Since this infant was not wearing a Holter monitor at the time of his tragic demise, it is impossible to verify our postulated exit rhythm of ventricular fibrillation. Nevertheless, E42K-Cx43 was identified in a sudden death cohort, in a gene with known association with cardiac disease, was located in a highly conserved region of the gene, and absent in over 1000 ethnic-matched alleles.
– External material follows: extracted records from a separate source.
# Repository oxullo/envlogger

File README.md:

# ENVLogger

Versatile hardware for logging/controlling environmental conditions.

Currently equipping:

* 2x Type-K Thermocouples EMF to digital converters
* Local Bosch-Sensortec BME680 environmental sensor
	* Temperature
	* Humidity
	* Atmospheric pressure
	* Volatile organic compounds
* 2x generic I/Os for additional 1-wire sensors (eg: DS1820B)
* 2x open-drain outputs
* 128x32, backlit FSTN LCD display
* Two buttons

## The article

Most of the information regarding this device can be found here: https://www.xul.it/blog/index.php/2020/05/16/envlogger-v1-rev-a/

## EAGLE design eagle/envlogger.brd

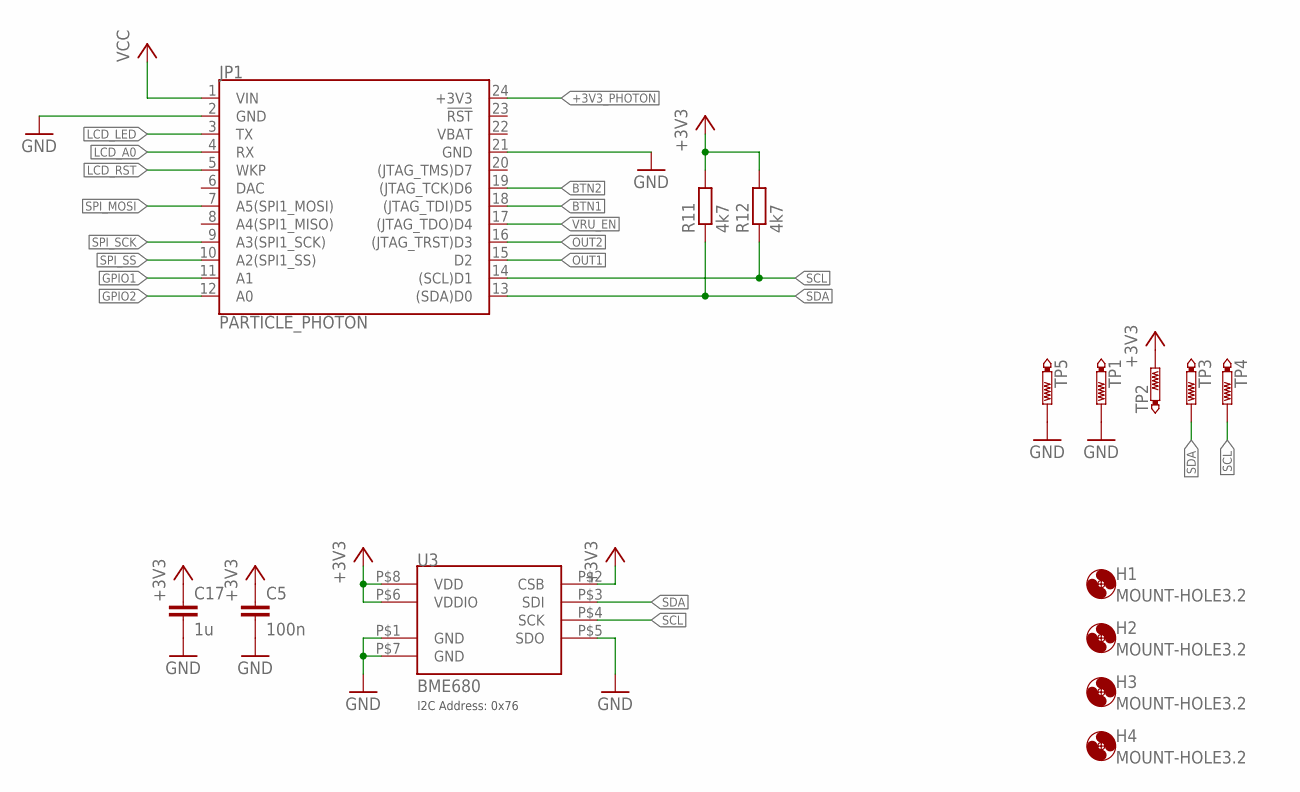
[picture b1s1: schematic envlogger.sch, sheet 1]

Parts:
C5: 100n; C0603
C17: 1u; C0603
H1, H2, H3, H4: MOUNT-HOLE3.2; 3,2
JP1: PARTICLE_PHOTON
R11, R12: 4k7; R0603
TP1, TP2, TP3, TP4: PTR1B1,27; B1,27
TP5: PTR1PAD1-13; P1-13
U3: BME680

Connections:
+3V3: C5.1, C17.1, R11.2, R12.2, TP2.TP, U3.P$2 (CSB), U3.P$6 (VDDIO), U3.P$8 (VDD); also elsewhere on the board
+3V3_PHOTON: JP1.24 (+3V3)
BTN1: JP1.18 ((JTAG_TDI)D5); also elsewhere on the board
BTN2: JP1.19 ((JTAG_TCK)D6); also elsewhere on the board
GND: C5.2, C17.2, JP1.2 (GND), JP1.21 (GND), TP1.TP, TP5.TP, U3.P$1 (GND), U3.P$5 (SDO), U3.P$7 (GND); also elsewhere on the board
GPIO1: JP1.11 (A1); also elsewhere on the board
GPIO2: JP1.12 (A0); also elsewhere on the board
LCD_A0: JP1.4 (RX); also elsewhere on the board
LCD_LED: JP1.3 (TX); also elsewhere on the board
LCD_RST: JP1.5 (WKP); also elsewhere on the board
OUT1: JP1.15 (D2); also elsewhere on the board
OUT2: JP1.16 ((JTAG_TRST)D3); also elsewhere on the board
SCL: JP1.14 ((SCL)D1), R12.1, TP4.TP, U3.P$4 (SCK); also elsewhere on the board
SDA: JP1.13 ((SDA)D0), R11.1, TP3.TP, U3.P$3 (SDI); also elsewhere on the board
SPI_MOSI: JP1.7 (A5(SPI1_MOSI)); also elsewhere on the board
SPI_SCK: JP1.9 (A3(SPI1_SCK)); also elsewhere on the board
SPI_SS: JP1.10 (A2(SPI1_SS)); also elsewhere on the board
VBAT: JP1.22 (VBAT)
VCC: JP1.1 (VIN); also elsewhere on the board
VRU_EN: JP1.17 ((JTAG_TDO)D4); also elsewhere on the board

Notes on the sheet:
I2C Address: 0x76

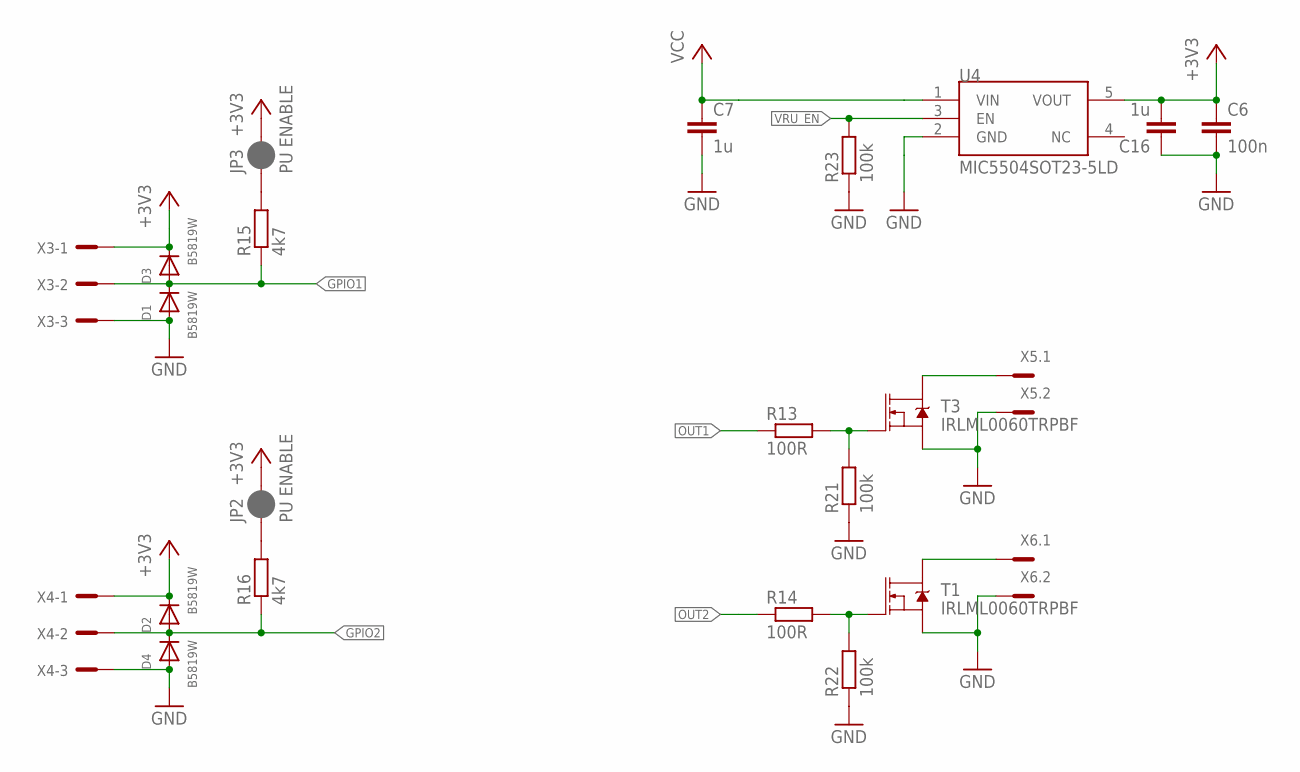
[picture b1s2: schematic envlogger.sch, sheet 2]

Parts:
C6: 100n; C0603
C7, C16: 1u; C0603
D1, D2, D3, D4: B5819W; SOD-123
JP2, JP3: PU ENABLE; SMT-JUMPER_2_NC_PASTE_SILK
R13, R14: 100R; R0603
R15, R16: 4k7; R0603
R21, R22, R23: 100k; R0603
T1, T3: IRLML0060TRPBF; SOT95P237X112-3N
U4: MIC5504SOT23-5LD; SOT95P280X145-5
X3, X4: MCV_05/3-G-2,5; MC3
X5, X6: MC2

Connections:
+3V3: C6.1, C16.2, D2.C, D3.C, JP2.2, JP3.2, U4.5 (VOUT), X3.1, X4.1; also elsewhere on the board
GND: C6.2, C7.2, C16.1, D1.A, D4.A, R21.1, R22.1, R23.1, T1.2 (S), T3.2 (S), U4.2 (GND), X3.3, X4.3, X5.2, X6.2; also elsewhere on the board
GPIO1: D1.C, D3.A, R15.1, X3.2; also elsewhere on the board
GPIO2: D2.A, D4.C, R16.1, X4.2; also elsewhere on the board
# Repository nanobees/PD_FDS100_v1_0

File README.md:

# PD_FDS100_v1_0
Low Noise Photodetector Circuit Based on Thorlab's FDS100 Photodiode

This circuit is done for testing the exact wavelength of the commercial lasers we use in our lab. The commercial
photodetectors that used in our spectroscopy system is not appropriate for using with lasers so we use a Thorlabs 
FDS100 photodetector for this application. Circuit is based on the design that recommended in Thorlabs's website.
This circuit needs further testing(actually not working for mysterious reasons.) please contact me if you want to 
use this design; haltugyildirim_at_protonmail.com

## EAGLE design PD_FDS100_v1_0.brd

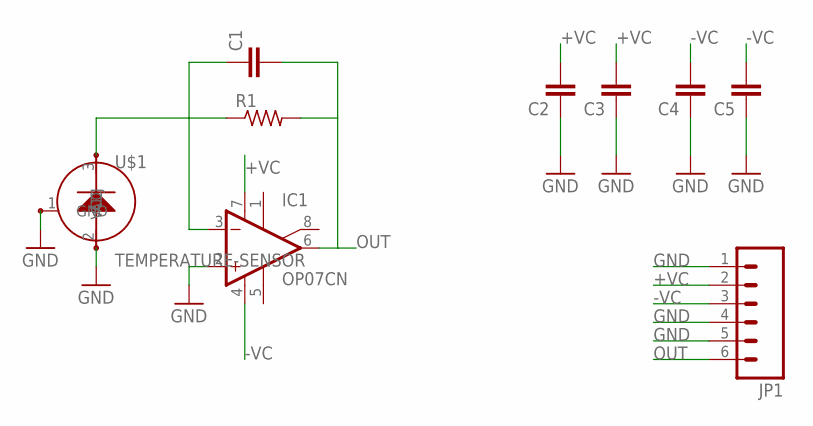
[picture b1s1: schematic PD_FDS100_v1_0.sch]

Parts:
C1, C2, C3, C4, C5: CAPPTH1; CAP-PTH-5MM
IC1: OP07CN; DIL08
JP1: M06NO_SILK; 1X06_NO_SILK
R1: R-US_0207/10; 0207/10
U$1: TEMPERATURE-SENSOR; TO-92

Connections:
+VC: C2.2, C3.2, IC1.7 (V+), JP1.2
-VC: C4.2, C5.2, IC1.4 (V-), JP1.3
GND: C2.1, C3.1, C4.1, C5.1, IC1.2 (-IN), JP1.1, JP1.4, JP1.5, U$1.1 (GND), U$1.2 (ADJ)
unnamed: C1.1, IC1.3 (+IN), R1.1, U$1.3 (VCC)
OUT: C1.2, IC1.6 (OUT), JP1.6, R1.2

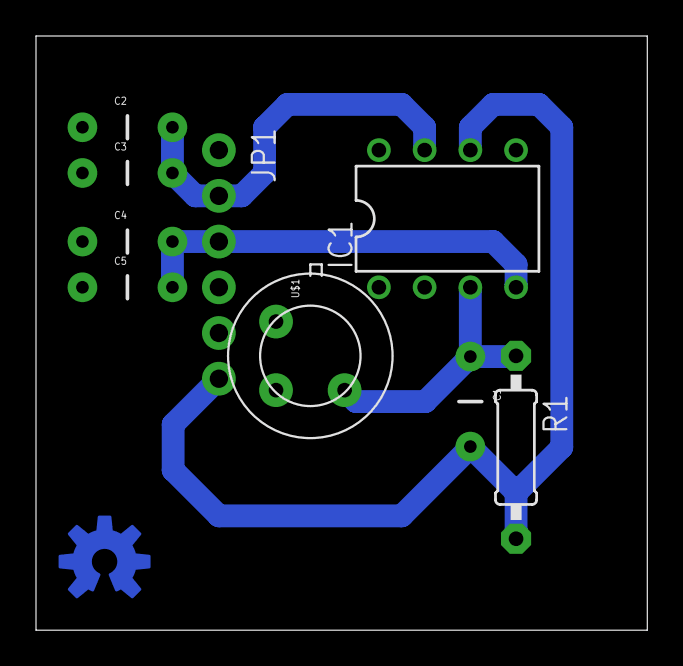
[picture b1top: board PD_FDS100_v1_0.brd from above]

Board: 2 copper layers, 34.0 x 33.0 mm, 10 parts (0 on the bottom side), 5 nets.

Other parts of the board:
U$2: OSHW-LOGO-M

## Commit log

2016-08-26 initial design files
    add initial files

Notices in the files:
parts and their libraries:
SparkFun-Capacitors: Licensing: Creative Commons ShareAlike 4.0 International - https://creativecommons.org/licenses/by-sa/4.0

In addition, the heterogeneous staining pattern of the infant’s cardiac tissue offers strong evidence that this mutation conferred a sudden death predisposing arrhythmogenic phenotype. Further, this deceased infant’s loss-of-function E42K-Cx43 mutation and likely somatic mosaicism essentially represents the human equivalent of the chimeric Cx43 mouse. The S272P-Cx43 mutation had a wildtype phenotype in our investigations and therefore, although rare and highly conserved, it cannot at this time be considered a sudden-death predisposing mutation.
In conclusion, this is the first study to implicate a mutation in a connexin protein in the pathogenesis of SIDS. E42K-Cx43 demonstrated a severe loss-of-function phenotype, and is located in a crucial conserved region of the protein. While such SIDS-associated Cx43 mutations are rare, this study provides evidence for the contribution of Cx43 dysregulation to sudden death, and contributes to the growing body of literature implicating cardiac arrhythmias as the cause for a subset of SIDS.